▶ _Exercise details_: Please repeat only these lines, exactly: the one containing "Melihat_Pengerjaan_Step2 --> Melihat_Pengerjaan_Step3" and all that come after it in the material.

**** Material provided

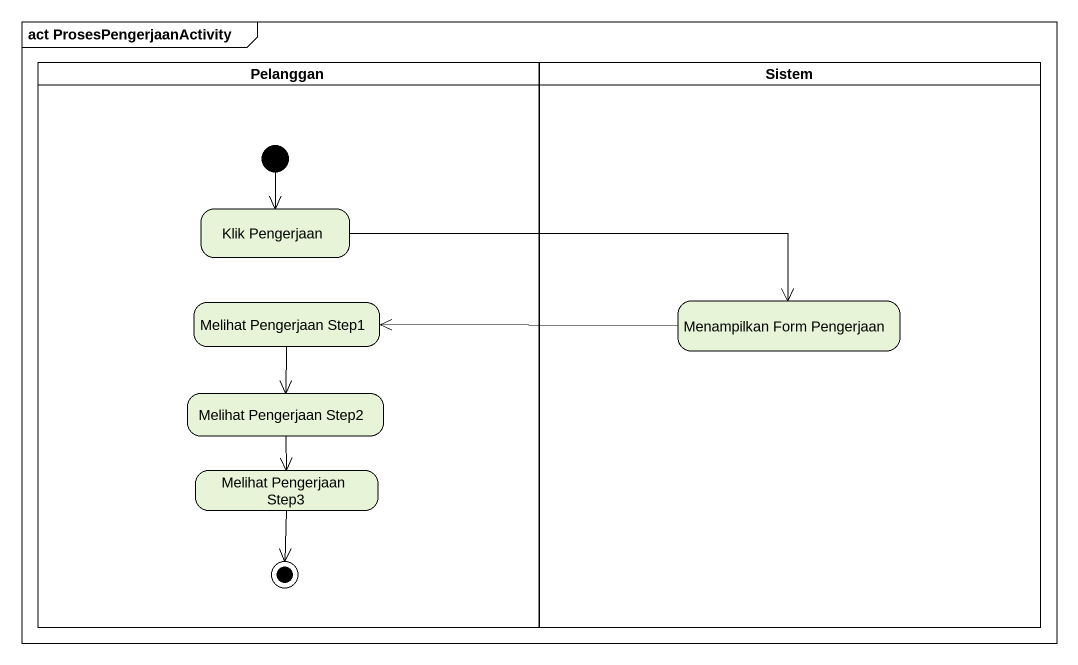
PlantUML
@startuml
mainframe act ProsesPengerjaanActivity
hide empty description
state Pelanggan <<partition>> {
  state "Klik Pengerjaan" as Klik_Pengerjaan
  state "Melihat Pengerjaan Step1" as Melihat_Pengerjaan_Step1
  state "Melihat Pengerjaan Step2" as Melihat_Pengerjaan_Step2
  state "Melihat Pengerjaan Step3" as Melihat_Pengerjaan_Step3
  [*] --> Klik_Pengerjaan
  Melihat_Pengerjaan_Step3 --> [*]
}
state Sistem <<partition>> {
  state "Menampilkan Form Pengerjaan" as Menampilkan_Form_Pengerjaan
}
Klik_Pengerjaan -right-> Menampilkan_Form_Pengerjaan
Melihat_Pengerjaan_Step1 --> Melihat_Pengerjaan_Step2
Menampilkan_Form_Pengerjaan -left-> Melihat_Pengerjaan_Step1
Melihat_Pengerjaan_Step2 --> Melihat_Pengerjaan_Step3
@enduml

********

▶ _Task output_:
Melihat_Pengerjaan_Step2 --> Melihat_Pengerjaan_Step3
@enduml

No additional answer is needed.